Curiosamente el hecho de que los emigrantes contemplase el declive de la especie aceleró su destrucción, puesto que se apresuraron a talar su valiosa madera antes de que el hongo acabase con todos los especímenes. Entre los hongos y los humanos, el castaño americano desapareció de los bosques en cuestión de décadas.
Ahora, unos voluntarios que participan en un programa de la Universidad de Virginia, han plantado un terreno de 1000 acres con esta especie (Castanea dentata) aprovechando los pocos ejemplares que quedan vivos. Su supervivencia será algo muy complicado a causa de la virulencia del hongo, pero para lograrlo, los árboles no serán exactamente iguales a los de antaño. Aprovechando que los sistemas de raíces sobreviven al hongo, los científicos han hibridado a la especie local con una especie china tratando de crear un castaño que sea todo lo americano que se pueda, excepto en su susceptibilidad a ser infectado.

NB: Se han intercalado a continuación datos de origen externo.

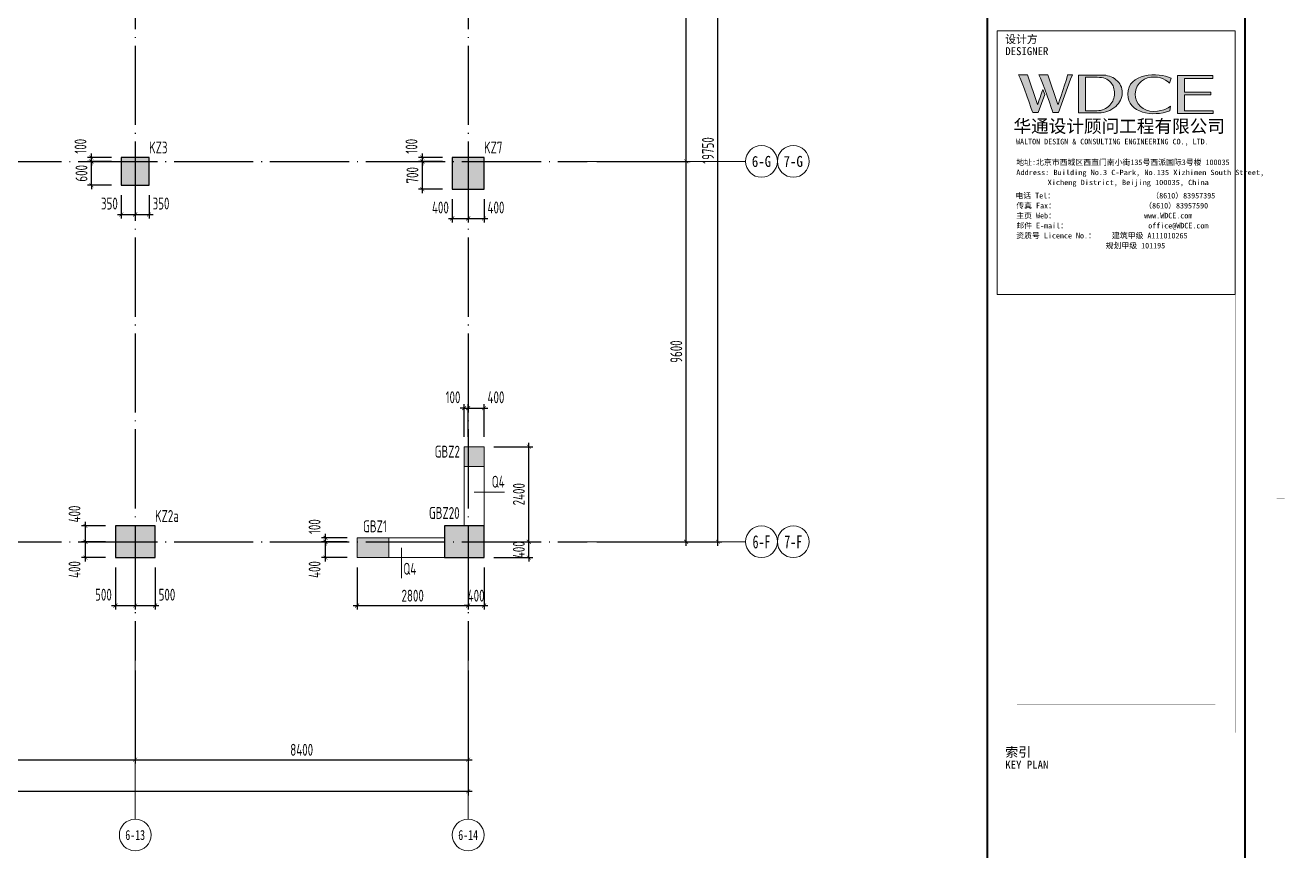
# Model space of a CAD drawing. Header units: millimetres. Extents: x -202076 to 1082610, y -439651 to 179350.
# Drawn here: x 141768 to 173545, y -85081 to -64243 of the extents above; entities that cross this region are included whole.
import ezdxf
from ezdxf.enums import TextEntityAlignment as Align

# ---------------------------------------------------------------- set-up
doc = ezdxf.new("R2010")
doc.units = ezdxf.units.MM
doc.header["$LTSCALE"] = 1000
doc.linetypes.add('DOTE', pattern=[2.42, 2, -0.2, 0.02, -0.2])
for name, color, linetype in [('02-TEXT_轴号', 7, 'Continuous'), ('A_AXIS-轴线', 36, 'DOTE'), ('AXIS_TEXT', 7, 'Continuous'), ('COLU', 5, 'Continuous')]:
    doc.layers.add(name, color=color, linetype=linetype)
for name, color, linetype, lineweight in [('COLU_TEXT', 6, 'Continuous', 0), ('DIM', 3, 'Continuous', 0), ('WALL', 2, 'Continuous', 0), ('墙柱名称编号', 7, 'Continuous', 18), ('墙柱轮廓', 7, 'Continuous', 18), ('墙身名称编号', 3, 'Continuous', 18), ('墙身标注引线', 3, 'Continuous', 18), ('边缘构件填充', 253, 'Continuous', 18)]:
    doc.layers.add(name, color=color, linetype=linetype, lineweight=lineweight)
doc.styles.add('_TCH_AXIS', font='STXIHEI.TTF', dxfattribs={"width": 0.75})
doc.styles.add('COMPLEX', font='COMPLEX')
doc.styles.add('TSSD_Dimension', font='tssdeng.shx', dxfattribs={"width": 0.7, "bigfont": 'hztxt.shx'})
doc.styles.add('TSSD_Rein', font='tssdeng.shx', dxfattribs={"width": 0.7, "bigfont": 'hztxt.shx'})
doc.styles.add('图签信息$0$hwxh', font='STXIHEI.TTF')
doc.styles.add('图签信息$0$华文细黑', font='STXIHEI.TTF', dxfattribs={"height": 10})
doc.dimstyles.new('TSSD_100_100', dxfattribs={"dimtxt": 300, "dimasz": 100, "dimexe": 100, "dimexo": 250, "dimgap": 100, "dimtad": 1, "dimdec": 0, "dimzin": 0, "dimdsep": 46, "dimtxsty": 'TSSD_Dimension', "dimblk": 'ARCHTICK', "dimcen": 0, "dimdle": 100, "dimclrt": 7, "dimadec": 0, "dimazin": 0, "dimtfac": 1, "dimtdec": 0, "dimtix": 1, "dimtmove": 2, "dimatfit": 3, "dimfxl": 1, "dimtolj": 1, "dimtzin": 0, "dimarcsym": 0})

# ---------------------------------------------------------------- blocks, each defined once
blk = doc.blocks.new('_AXISO')
blk.add_circle((0, 0), 0.5)
at = {"layer": 'AXIS_TEXT', "style": 'COMPLEX', "width": 1.041667}
blk.add_attdef('A', text='', height=0.56, dxfattribs=at).set_placement((-0.25, -0.28), (0.25, -0.28), align=Align.FIT)
blk = doc.blocks.new('图签信息$0$logo2')
h = blk.add_hatch(color=7)
h.paths.add_polyline_path([(19.02, -7.36), (15.84, -7.36), (15.84, -3.97), (18.97, -3.97), (18.97, -4.24), (16.46, -4.24), (16.46, -5.45), (18.81, -5.45), (18.81, -5.69), (16.47, -5.69), (16.47, -7.12), (19.02, -7.12)])
edge = h.paths.add_edge_path()
edge.add_spline(control_points=[(15.26, -4.21), (15.26, -4.21), (15.13, -4.65), (15.13, -4.65), (15.13, -4.65), (14.62, -4.1), (13.73, -4.1), (13.04, -4.1), (12.07, -4.54), (12.08, -5.62), (12.08, -6.49), (12.77, -7.16), (13.73, -7.17), (14.66, -7.17), (15.23, -6.68), (15.23, -6.68), (15.23, -6.68), (15.16, -7.11), (15.16, -7.11), (13.63, -7.7), (11.42, -7.29), (11.41, -5.64), (11.4, -3.72), (14.16, -3.66), (15.26, -4.21)], knot_values=[0, 0, 0, 0, 1, 1, 1, 2, 2, 2, 3, 3, 3, 4, 4, 4, 5, 5, 5, 6, 6, 6, 7, 7, 7, 8, 8, 8, 8], degree=3, periodic=0)
edge = h.paths.add_edge_path(flags=16)
edge.add_spline(control_points=[(10.23, -5.57), (10.23, -5.16), (10.12, -4.83), (9.9, -4.58), (9.63, -4.27), (9.23, -4.12), (8.69, -4.12), (8.69, -4.12), (7.64, -4.12), (7.64, -4.12), (7.64, -4.12), (7.64, -7.1), (7.64, -7.1), (7.64, -7.1), (8.66, -7.1), (8.66, -7.1), (9.13, -7.1), (9.52, -6.93), (9.82, -6.6), (10.09, -6.31), (10.23, -5.96), (10.23, -5.57)], knot_values=[0, 0, 0, 0, 1, 1, 1, 2, 2, 2, 3, 3, 3, 4, 4, 4, 5, 5, 5, 6, 6, 6, 7, 7, 7, 7], degree=3, periodic=0)
edge = h.paths.add_edge_path()
edge.add_spline(control_points=[(10.92, -5.51), (10.92, -5.96), (10.72, -6.37), (10.34, -6.72), (9.92, -7.1), (9.41, -7.29), (8.82, -7.29), (8.82, -7.29), (7.03, -7.29), (7.03, -7.29), (7.03, -7.29), (7.03, -3.92), (7.03, -3.92), (7.03, -3.92), (9.1, -3.92), (9.1, -3.92), (9.59, -3.92), (10.01, -4.06), (10.36, -4.34), (10.73, -4.64), (10.92, -5.03), (10.92, -5.51)], knot_values=[0, 0, 0, 0, 1, 1, 1, 2, 2, 2, 3, 3, 3, 4, 4, 4, 5, 5, 5, 6, 6, 6, 7, 7, 7, 7], degree=3, periodic=0)
at = {"lineweight": 0}
blk.add_lwpolyline([(19.02, -7.36), (15.84, -7.36), (15.84, -3.97), (18.97, -3.97), (18.97, -4.24), (16.46, -4.24), (16.46, -5.45), (18.81, -5.45), (18.81, -5.69), (16.47, -5.69), (16.47, -7.12), (19.02, -7.12), (19.02, -7.36)], dxfattribs=at)
for points, knots in [([(10.92, -5.51), (10.92, -5.96), (10.72, -6.37), (10.34, -6.72), (9.92, -7.1), (9.41, -7.29), (8.82, -7.29), (8.82, -7.29), (7.03, -7.29), (7.03, -7.29), (7.03, -7.29), (7.03, -3.92), (7.03, -3.92), (7.03, -3.92), (9.1, -3.92), (9.1, -3.92), (9.59, -3.92), (10.01, -4.06), (10.36, -4.34), (10.73, -4.64), (10.92, -5.03), (10.92, -5.51)], [0, 0, 0, 0, 1, 1, 1, 2, 2, 2, 3, 3, 3, 4, 4, 4, 5, 5, 5, 6, 6, 6, 7, 7, 7, 7]), ([(10.23, -5.57), (10.23, -5.16), (10.12, -4.83), (9.9, -4.58), (9.63, -4.27), (9.23, -4.12), (8.69, -4.12), (8.69, -4.12), (7.64, -4.12), (7.64, -4.12), (7.64, -4.12), (7.64, -7.1), (7.64, -7.1), (7.64, -7.1), (8.66, -7.1), (8.66, -7.1), (9.13, -7.1), (9.52, -6.93), (9.82, -6.6), (10.09, -6.31), (10.23, -5.96), (10.23, -5.57)], [0, 0, 0, 0, 1, 1, 1, 2, 2, 2, 3, 3, 3, 4, 4, 4, 5, 5, 5, 6, 6, 6, 7, 7, 7, 7]), ([(15.26, -4.21), (15.26, -4.21), (15.13, -4.65), (15.13, -4.65), (15.13, -4.65), (14.62, -4.1), (13.73, -4.1), (13.04, -4.1), (12.07, -4.54), (12.08, -5.62), (12.08, -6.49), (12.77, -7.16), (13.73, -7.17), (14.66, -7.17), (15.23, -6.68), (15.23, -6.68), (15.23, -6.68), (15.16, -7.11), (15.16, -7.11), (13.63, -7.7), (11.42, -7.29), (11.41, -5.64), (11.4, -3.72), (14.16, -3.66), (15.26, -4.21)], [0, 0, 0, 0, 1, 1, 1, 2, 2, 2, 3, 3, 3, 4, 4, 4, 5, 5, 5, 6, 6, 6, 7, 7, 7, 8, 8, 8, 8])]:
    blk.add_open_spline(points, degree=3, knots=knots, dxfattribs=at)
blk = doc.blocks.new('图签信息$0$logo1')
h = blk.add_hatch(color=8)
edge = h.paths.add_edge_path()
edge.add_spline(control_points=[(3.86, -5.21), (3.63, -5.88), (3.39, -6.56), (3.39, -6.56), (3.39, -6.56), (2.5, -3.91), (2.5, -3.91), (2.5, -3.91), (1.8, -3.91), (1.69, -3.91), (2.02, -4.39), (2.95, -7.27), (2.95, -7.27), (2.95, -7.27), (3.44, -7.27), (3.44, -7.27), (3.44, -7.27), (4.03, -5.66), (4.03, -5.66), (4.03, -5.66), (3.86, -5.21), (3.86, -5.21)], knot_values=[0, 0, 0, 0, 1, 1, 1, 2, 2, 2, 3, 3, 3, 4, 4, 4, 5, 5, 5, 6, 6, 6, 7, 7, 7, 7], degree=3, periodic=0)
h = blk.add_hatch(color=7)
edge = h.paths.add_edge_path()
edge.add_spline(control_points=[(6.04, -3.91), (6.09, -4.1), (5.2, -6.56), (5.2, -6.56), (5.2, -6.56), (4.3, -3.91), (4.3, -3.91), (4.3, -3.91), (3.6, -3.91), (3.49, -3.91), (3.82, -4.39), (4.75, -7.27), (4.75, -7.27), (4.75, -7.27), (5.24, -7.27), (5.24, -7.27), (5.24, -7.27), (6.33, -4.3), (6.33, -4.3), (6.33, -4.3), (6.48, -3.91), (6.48, -3.91), (6.48, -3.91), (6.21, -3.91), (6.04, -3.91)], knot_values=[0, 0, 0, 0, 1, 1, 1, 2, 2, 2, 3, 3, 3, 4, 4, 4, 5, 5, 5, 6, 6, 6, 7, 7, 7, 8, 8, 8, 8], degree=3, periodic=0)
at = {"color": 8, "lineweight": 0}
blk.add_open_spline([(3.86, -5.21), (3.63, -5.88), (3.39, -6.56), (3.39, -6.56), (3.39, -6.56), (2.5, -3.91), (2.5, -3.91), (2.5, -3.91), (1.8, -3.91), (1.69, -3.91), (2.02, -4.39), (2.95, -7.27), (2.95, -7.27), (2.95, -7.27), (3.44, -7.27), (3.44, -7.27), (3.44, -7.27), (4.03, -5.66), (4.03, -5.66), (4.03, -5.66), (3.86, -5.21), (3.86, -5.21)], degree=3, knots=[0, 0, 0, 0, 1, 1, 1, 2, 2, 2, 3, 3, 3, 4, 4, 4, 5, 5, 5, 6, 6, 6, 7, 7, 7, 7], dxfattribs=at)
at = {"lineweight": 0}
blk.add_open_spline([(6.04, -3.91), (6.09, -4.1), (5.2, -6.56), (5.2, -6.56), (5.2, -6.56), (4.3, -3.91), (4.3, -3.91), (4.3, -3.91), (3.6, -3.91), (3.49, -3.91), (3.82, -4.39), (4.75, -7.27), (4.75, -7.27), (4.75, -7.27), (5.24, -7.27), (5.24, -7.27), (5.24, -7.27), (6.33, -4.3), (6.33, -4.3), (6.33, -4.3), (6.48, -3.91), (6.48, -3.91), (6.48, -3.91), (6.21, -3.91), (6.04, -3.91)], degree=3, knots=[0, 0, 0, 0, 1, 1, 1, 2, 2, 2, 3, 3, 3, 4, 4, 4, 5, 5, 5, 6, 6, 6, 7, 7, 7, 8, 8, 8, 8], dxfattribs=at)
blk.add_blockref('图签信息$0$logo2', (0, 0))
blk = doc.blocks.new('图签信息$0$时间-logo')
at = {"layer": 'Defpoints', "lineweight": 0}
blk.add_lwpolyline([(0, -23.46), (-21.17, -23.46), (-21.17, 0), (0, 0), (0, -23.46)], dxfattribs=at)
blk.add_blockref('图签信息$0$logo1', (-20.97, 0))
at = {"style": '图签信息$0$hwxh'}
for s, height, p in [('华通设计顾问工程有限公司 ', 1.15, (-19.73, -9.05)), ('WALTON DESIGN & CONSULTING ENGINEERING CO., LTD.', 0.5, (-19.5, -10.1)), ('Address: Building No.3 C-Park, No.135 Xizhimen South Street, ', 0.47, (-19.48, -12.83)), ('地址:北京市西城区西直门南小街135号西派国际3号楼 100035', 0.5, (-19.48, -11.94)), ('Xicheng District, Beijing 100035, China ', 0.47, (-16.69, -13.72)), ('电话 Tel：                        （8610）83957395 ', 0.5, (-19.56, -14.91)), ('传真 Fax：                      （8610）83957590 ', 0.5, (-19.48, -15.8)), ('主页 Web：                      www.WDCE.com ', 0.5, (-19.48, -16.69)), ('资质号 Licence No.：    建筑甲级 A111010265 ', 0.5, (-19.48, -18.47)), ('邮件 E-mail：                    office@WDCE.com ', 0.5, (-19.48, -17.58)), ('   规划甲级 101195', 0.5, (-12.6, -19.36))]:
    blk.add_text(s, height=height, dxfattribs=at).set_placement(p)
blk = doc.blocks.new('图签信息')
at = {"const_width": 0.5}
blk.add_lwpolyline([(-65, 0), (0, 0), (0, 500.5), (-65, 500.5)], close=True, dxfattribs=at)
at = {"const_width": 0.05}
for points in [[(-62.5, 404.92), (-62.5, 227.83)], [(-62.5, 404.92), (-2.5, 404.92)], [(-62.5, 227.83), (-2.5, 227.83), (-2.5, 404.92)], [(-57.5, 338.36), (-7.5, 338.36)], [(-57.5, 288.83), (-7.5, 288.83)], [(-57.5, 234.85), (-7.5, 234.85)], [(-62.5, 227.83), (-2.5, 227.83)], [(-62.5, 217.74), (-2.5, 217.74)]]:
    blk.add_lwpolyline(points, dxfattribs=at)
at = {"ltscale": 0.001, "xscale": 2.834689937531525, "yscale": 2.834689937531525, "zscale": 2.834689937531525}
blk.add_blockref('图签信息$0$时间-logo', (-2.5, 404.92), dxfattribs=at)
at = {"style": '图签信息$0$华文细黑'}
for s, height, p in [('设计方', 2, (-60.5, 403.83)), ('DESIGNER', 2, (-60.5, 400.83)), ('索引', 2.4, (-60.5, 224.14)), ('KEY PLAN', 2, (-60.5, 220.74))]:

La esperanza de los conservacionistas es que alguno de ellos logre hacerse resistente al hongo y crecer hasta las alturas que sus ancestros (la especie china con la que se ha hibridado es realmente bajita). Si lo consiguen, la Fundación Castaño habrá logrado despertar al árbol que una vez cubrió buena parte del territorio del este de los Estados Unidos, aunque en esta ocasión su genoma no sea 100% americano, sino un 5% chino.